Task: Give back every line of the material below that has the string "middle".

*** Opening of Excerpted records ***

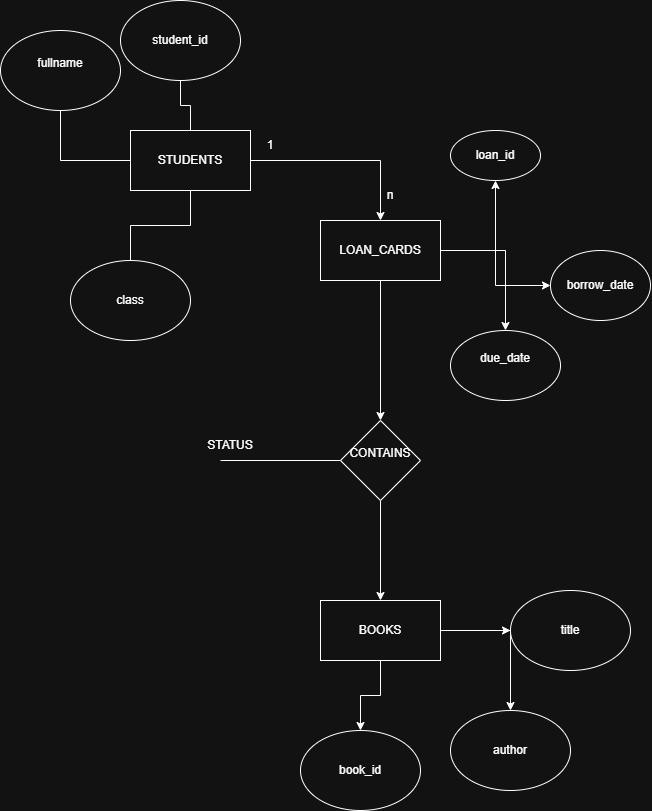

The diagram above was exported from draw.io. Its source (the exported page's mxGraphModel, read from the mxfile embedded in the PNG):
<mxGraphModel dx="1677" dy="1190" grid="1" gridSize="10" guides="1" tooltips="1" connect="1" arrows="1" fold="1" page="1" pageScale="1" pageWidth="827" pageHeight="1169" math="0" shadow="0">
  <root>
    <mxCell id="0" />
    <mxCell id="1" parent="0" />
    <mxCell id="Bgc84SSKjqnMYVm_JUdc-2" edge="1" parent="1" source="Bgc84SSKjqnMYVm_JUdc-1" style="edgeStyle=orthogonalEdgeStyle;rounded=0;orthogonalLoop=1;jettySize=auto;html=1;endArrow=none;endFill=0;" target="Bgc84SSKjqnMYVm_JUdc-3">
      <mxGeometry relative="1" as="geometry">
        <mxPoint x="170" y="180" as="targetPoint" />
      </mxGeometry>
    </mxCell>
    <mxCell id="Bgc84SSKjqnMYVm_JUdc-4" edge="1" parent="1" source="Bgc84SSKjqnMYVm_JUdc-1" style="edgeStyle=orthogonalEdgeStyle;rounded=0;orthogonalLoop=1;jettySize=auto;html=1;endArrow=none;endFill=0;" target="Bgc84SSKjqnMYVm_JUdc-5">
      <mxGeometry relative="1" as="geometry">
        <mxPoint x="50" y="210" as="targetPoint" />
      </mxGeometry>
    </mxCell>
    <mxCell id="Bgc84SSKjqnMYVm_JUdc-6" edge="1" parent="1" source="Bgc84SSKjqnMYVm_JUdc-1" style="edgeStyle=orthogonalEdgeStyle;rounded=0;orthogonalLoop=1;jettySize=auto;html=1;endArrow=none;endFill=0;" target="Bgc84SSKjqnMYVm_JUdc-7">
      <mxGeometry relative="1" as="geometry">
        <mxPoint x="130" y="420" as="targetPoint" />
      </mxGeometry>
    </mxCell>
    <mxCell id="Bgc84SSKjqnMYVm_JUdc-8" edge="1" parent="1" source="Bgc84SSKjqnMYVm_JUdc-1" style="edgeStyle=orthogonalEdgeStyle;rounded=0;orthogonalLoop=1;jettySize=auto;html=1;" target="Bgc84SSKjqnMYVm_JUdc-9">
      <mxGeometry relative="1" as="geometry">
        <mxPoint x="360" y="390" as="targetPoint" />
      </mxGeometry>
    </mxCell>
    <mxCell id="Bgc84SSKjqnMYVm_JUdc-1" parent="1" style="rounded=0;whiteSpace=wrap;html=1;" value="STUDENTS" vertex="1">
      <mxGeometry height="60" width="120" x="120" y="270" as="geometry" />
    </mxCell>
    <mxCell id="Bgc84SSKjqnMYVm_JUdc-3" parent="1" style="ellipse;whiteSpace=wrap;html=1;" value="student_id" vertex="1">
      <mxGeometry height="80" width="120" x="110" y="140" as="geometry" />
    </mxCell>
    <mxCell id="Bgc84SSKjqnMYVm_JUdc-5" parent="1" style="ellipse;whiteSpace=wrap;html=1;" value="&#10;fullname&#10;&#10;" vertex="1">
      <mxGeometry height="80" width="120" x="-10" y="170" as="geometry" />
    </mxCell>
    <mxCell id="Bgc84SSKjqnMYVm_JUdc-7" parent="1" style="ellipse;whiteSpace=wrap;html=1;" value="class" vertex="1">
      <mxGeometry height="80" width="120" x="60" y="400" as="geometry" />
    </mxCell>
    <mxCell id="Bgc84SSKjqnMYVm_JUdc-12" edge="1" parent="1" source="Bgc84SSKjqnMYVm_JUdc-9" style="edgeStyle=orthogonalEdgeStyle;rounded=0;orthogonalLoop=1;jettySize=auto;html=1;" target="Bgc84SSKjqnMYVm_JUdc-13">
      <mxGeometry relative="1" as="geometry">
        <mxPoint x="470" y="310" as="targetPoint" />
      </mxGeometry>
    </mxCell>
    <mxCell id="Bgc84SSKjqnMYVm_JUdc-14" edge="1" parent="1" source="Bgc84SSKjqnMYVm_JUdc-9" style="edgeStyle=orthogonalEdgeStyle;rounded=0;orthogonalLoop=1;jettySize=auto;html=1;" target="Bgc84SSKjqnMYVm_JUdc-15">
      <mxGeometry relative="1" as="geometry">
        <mxPoint x="510" y="460" as="targetPoint" />
      </mxGeometry>
    </mxCell>
    <mxCell id="Bgc84SSKjqnMYVm_JUdc-16" edge="1" parent="1" source="Bgc84SSKjqnMYVm_JUdc-9" style="edgeStyle=orthogonalEdgeStyle;rounded=0;orthogonalLoop=1;jettySize=auto;html=1;" target="Bgc84SSKjqnMYVm_JUdc-17">
      <mxGeometry relative="1" as="geometry">
        <mxPoint x="490" y="490" as="targetPoint" />
      </mxGeometry>
    </mxCell>
    <mxCell id="Bgc84SSKjqnMYVm_JUdc-18" edge="1" parent="1" source="Bgc84SSKjqnMYVm_JUdc-9" style="edgeStyle=orthogonalEdgeStyle;rounded=0;orthogonalLoop=1;jettySize=auto;html=1;" target="Bgc84SSKjqnMYVm_JUdc-19">
      <mxGeometry relative="1" as="geometry">
        <mxPoint x="370" y="600" as="targetPoint" />
      </mxGeometry>
    </mxCell>
    <mxCell id="Bgc84SSKjqnMYVm_JUdc-9" parent="1" style="rounded=0;whiteSpace=wrap;html=1;" value="LOAN_CARDS" vertex="1">
      <mxGeometry height="60" width="120" x="310" y="360" as="geometry" />
    </mxCell>
    <mxCell id="Bgc84SSKjqnMYVm_JUdc-10" parent="1" style="text;html=1;whiteSpace=wrap;strokeColor=none;fillColor=none;align=center;verticalAlign=middle;rounded=0;" value="1" vertex="1">
      <mxGeometry height="30" width="60" x="230" y="270" as="geometry" />
    </mxCell>
    <mxCell id="Bgc84SSKjqnMYVm_JUdc-11" parent="1" style="text;html=1;whiteSpace=wrap;strokeColor=none;fillColor=none;align=center;verticalAlign=middle;rounded=0;" value="n" vertex="1">
      <mxGeometry height="30" width="60" x="350" y="320" as="geometry" />
    </mxCell>
    <mxCell id="Bgc84SSKjqnMYVm_JUdc-13" parent="1" style="ellipse;whiteSpace=wrap;html=1;" value="loan_id" vertex="1">
      <mxGeometry height="50" width="90" x="440" y="270" as="geometry" />
    </mxCell>
    <mxCell id="Bgc84SSKjqnMYVm_JUdc-15" parent="1" style="ellipse;whiteSpace=wrap;html=1;" value="borrow_date" vertex="1">
      <mxGeometry height="70" width="100" x="540" y="390" as="geometry" />
    </mxCell>
    <mxCell id="Bgc84SSKjqnMYVm_JUdc-17" parent="1" style="ellipse;whiteSpace=wrap;html=1;" value="&#10;due_date&#10;&#10;" vertex="1">
      <mxGeometry height="70" width="110" x="440" y="470" as="geometry" />
    </mxCell>
    <mxCell id="Bgc84SSKjqnMYVm_JUdc-20" edge="1" parent="1" source="Bgc84SSKjqnMYVm_JUdc-19" style="edgeStyle=orthogonalEdgeStyle;rounded=0;orthogonalLoop=1;jettySize=auto;html=1;endArrow=none;endFill=0;">
      <mxGeometry relative="1" as="geometry">
        <mxPoint x="210.00000000000023" y="600" as="targetPoint" />
      </mxGeometry>
    </mxCell>
    <mxCell id="Bgc84SSKjqnMYVm_JUdc-22" edge="1" parent="1" source="Bgc84SSKjqnMYVm_JUdc-19" style="edgeStyle=orthogonalEdgeStyle;rounded=0;orthogonalLoop=1;jettySize=auto;html=1;" target="Bgc84SSKjqnMYVm_JUdc-23">
      <mxGeometry relative="1" as="geometry">
        <mxPoint x="370.0000000000002" y="770" as="targetPoint" />
      </mxGeometry>
    </mxCell>
    <mxCell id="Bgc84SSKjqnMYVm_JUdc-19" parent="1" style="rhombus;whiteSpace=wrap;html=1;" value="&#10;CONTAINS &#10;&#10;" vertex="1">
      <mxGeometry height="80" width="80" x="330" y="560" as="geometry" />
    </mxCell>
    <mxCell id="Bgc84SSKjqnMYVm_JUdc-21" parent="1" style="text;html=1;whiteSpace=wrap;strokeColor=none;fillColor=none;align=center;verticalAlign=middle;rounded=0;" value="STATUS" vertex="1">
      <mxGeometry height="30" width="60" x="190" y="570" as="geometry" />
    </mxCell>
    <mxCell id="Bgc84SSKjqnMYVm_JUdc-24" edge="1" parent="1" source="Bgc84SSKjqnMYVm_JUdc-23" style="edgeStyle=orthogonalEdgeStyle;rounded=0;orthogonalLoop=1;jettySize=auto;html=1;" target="Bgc84SSKjqnMYVm_JUdc-25">
      <mxGeometry relative="1" as="geometry">
        <mxPoint x="360.0000000000002" y="890" as="targetPoint" />
      </mxGeometry>
    </mxCell>
    <mxCell id="Bgc84SSKjqnMYVm_JUdc-26" edge="1" parent="1" source="Bgc84SSKjqnMYVm_JUdc-23" style="edgeStyle=orthogonalEdgeStyle;rounded=0;orthogonalLoop=1;jettySize=auto;html=1;" target="Bgc84SSKjqnMYVm_JUdc-28">
      <mxGeometry relative="1" as="geometry">
        <mxPoint x="560" y="770" as="targetPoint" />
      </mxGeometry>
    </mxCell>
    <mxCell id="Bgc84SSKjqnMYVm_JUdc-29" edge="1" parent="1" source="Bgc84SSKjqnMYVm_JUdc-23" style="edgeStyle=orthogonalEdgeStyle;rounded=0;orthogonalLoop=1;jettySize=auto;html=1;" target="Bgc84SSKjqnMYVm_JUdc-30">
      <mxGeometry relative="1" as="geometry">
        <mxPoint x="460" y="880" as="targetPoint" />
      </mxGeometry>
    </mxCell>
    <mxCell id="Bgc84SSKjqnMYVm_JUdc-23" parent="1" style="rounded=0;whiteSpace=wrap;html=1;" value="BOOKS" vertex="1">
      <mxGeometry height="60" width="120" x="310.0000000000002" y="740" as="geometry" />
    </mxCell>
    <mxCell id="Bgc84SSKjqnMYVm_JUdc-25" parent="1" style="ellipse;whiteSpace=wrap;html=1;" value="book_id" vertex="1">
      <mxGeometry height="80" width="120" x="290.0000000000002" y="870" as="geometry" />
    </mxCell>
    <mxCell id="Bgc84SSKjqnMYVm_JUdc-28" parent="1" style="ellipse;whiteSpace=wrap;html=1;" value="title" vertex="1">
      <mxGeometry height="80" width="120" x="500" y="730" as="geometry" />
    </mxCell>
    <mxCell id="Bgc84SSKjqnMYVm_JUdc-30" parent="1" style="ellipse;whiteSpace=wrap;html=1;" value="author" vertex="1">
      <mxGeometry height="80" width="120" x="440" y="850" as="geometry" />
    </mxCell>
  </root>
</mxGraphModel>

*** Close of Excerpted records ***

Solution to this problem:
    <mxCell id="Bgc84SSKjqnMYVm_JUdc-10" parent="1" style="text;html=1;whiteSpace=wrap;strokeColor=none;fillColor=none;align=center;verticalAlign=middle;rounded=0;" value="1" vertex="1">
    <mxCell id="Bgc84SSKjqnMYVm_JUdc-11" parent="1" style="text;html=1;whiteSpace=wrap;strokeColor=none;fillColor=none;align=center;verticalAlign=middle;rounded=0;" value="n" vertex="1">
    <mxCell id="Bgc84SSKjqnMYVm_JUdc-21" parent="1" style="text;html=1;whiteSpace=wrap;strokeColor=none;fillColor=none;align=center;verticalAlign=middle;rounded=0;" value="STATUS" vertex="1">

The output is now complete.